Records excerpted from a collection

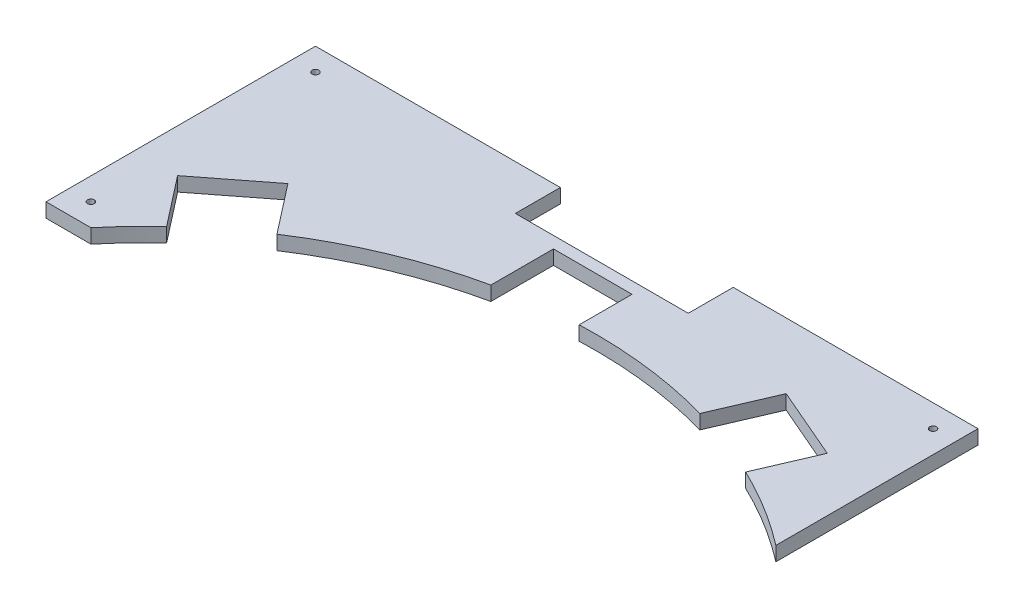
SolidWorks part; units mm, degrees
material "Balsa"
ref_plane "Front Plane" through (0, 0, 0) normal (0, 0, 1) x (1, 0, 0)
ref_plane "Top Plane" through (0, 0, 0) normal (0, 1, 0) x (1, 0, 0)
ref_plane "Right Plane" through (0, 0, 0) normal (1, 0, 0) x (0, 0, -1)
sketch "Sketch1" plane through (0, 0, 0) normal (0, 1, 0) x (1, 0, 0)
  line L0 (-12.3254, 51.9031) -> (-32.3254, 51.9031)
  line L5 (-32.3254, 51.9031) -> (-32.3254, 171.9031)
  line L6 (-32.3254, 171.9031) -> (262.6746, 171.9031)
  line L7 (262.6746, 171.9031) -> (262.6746, 81.9031)
  line L8 (98.8295, 118.8327) -> (98.8295, 146.7001)
  line L9 (98.8295, 146.7001) -> (133.8295, 146.7001)
  line L10 (133.8295, 146.7001) -> (133.8295, 123.1719)
  line L11 (194.8943, 115.852) -> (206.46, 142.6967)
  line L12 (206.46, 142.6967) -> (238.6037, 128.848)
  line L13 (238.6037, 128.848) -> (227.6676, 103.4646)
  line L14 (4.0631, 69.212) -> (-13.1129, 91.2884)
  line L15 (-13.1129, 91.2884) -> (14.5111, 112.7806)
  line L16 (14.5111, 112.7806) -> (31.5953, 90.8222)
  arc A0 (-12.3254, 51.9031) -> (4.0631, 69.212) centre (140.841, -76.7051) cw
  arc A1 (31.5953, 90.8222) -> (98.8295, 118.8327) centre (140.841, -76.7051) cw
  arc A2 (133.8295, 123.1719) -> (194.8943, 115.852) centre (140.841, -76.7051) cw
  arc A3 (227.6676, 103.4646) -> (262.6746, 81.9031) centre (140.841, -76.7051) cw
  circle A4 centre (-22.3254, 161.9031) radius 1.5
  circle A5 centre (252.6746, 161.9031) radius 1.5
  circle A6 centre (-22.3254, 61.9031) radius 1.5
  dimension "D5" = 200
  dimension "D11" = 3
  dimension "D14" = 3
  dimension "D17" = 3
  dimension "D1" = 295
  dimension "D2" = 20
  dimension "D3" = 120
  dimension "D4" = 90
  dimension "D6" = 35
  dimension "D7" = 35
  dimension "D8" = 35
  dimension "D9" = 10
  dimension "D10" = 10
  dimension "D12" = 10
  dimension "D13" = 10
  dimension "D15" = 10
  dimension "D16" = 10
extrude "Boss-Extrude1" add sketch "Sketch1" along normal blind 6.35
sketch "Sketch2" plane through (0, 6.35, 0) normal (0, 1, 0) x (1, 0, 0)
  line L0 (262.6746, 171.9031) -> (-32.3254, 171.9031) construction
  line L1 (76.6746, 171.9031) -> (153.6746, 171.9031)
  line L2 (76.6746, 171.9031) -> (76.6746, 151.9031)
  line L3 (76.6746, 151.9031) -> (153.6746, 151.9031)
  line L4 (153.6746, 171.9031) -> (153.6746, 151.9031)
  line L5 (115.1746, 171.9031) -> (115.1746, 151.9031) construction
  line L6 (115.1746, 171.9031) -> (115.1746, 141.1) construction
  dimension "D1" = 20
  dimension "D2" = 77
extrude "Cut-Extrude1" cut sketch "Sketch2" against normal through all

EXERCISE BRIEF: Set down again, word for word, the stretch of records from the line with "arc A2 (133.8295, 123.1719)" to the line with "circle A5 centre", both of those lines included.

YOUR SOLUTION:
  arc A2 (133.8295, 123.1719) -> (194.8943, 115.852) centre (140.841, -76.7051) cw
  arc A3 (227.6676, 103.4646) -> (262.6746, 81.9031) centre (140.841, -76.7051) cw
  circle A4 centre (-22.3254, 161.9031) radius 1.5
  circle A5 centre (252.6746, 161.9031) radius 1.5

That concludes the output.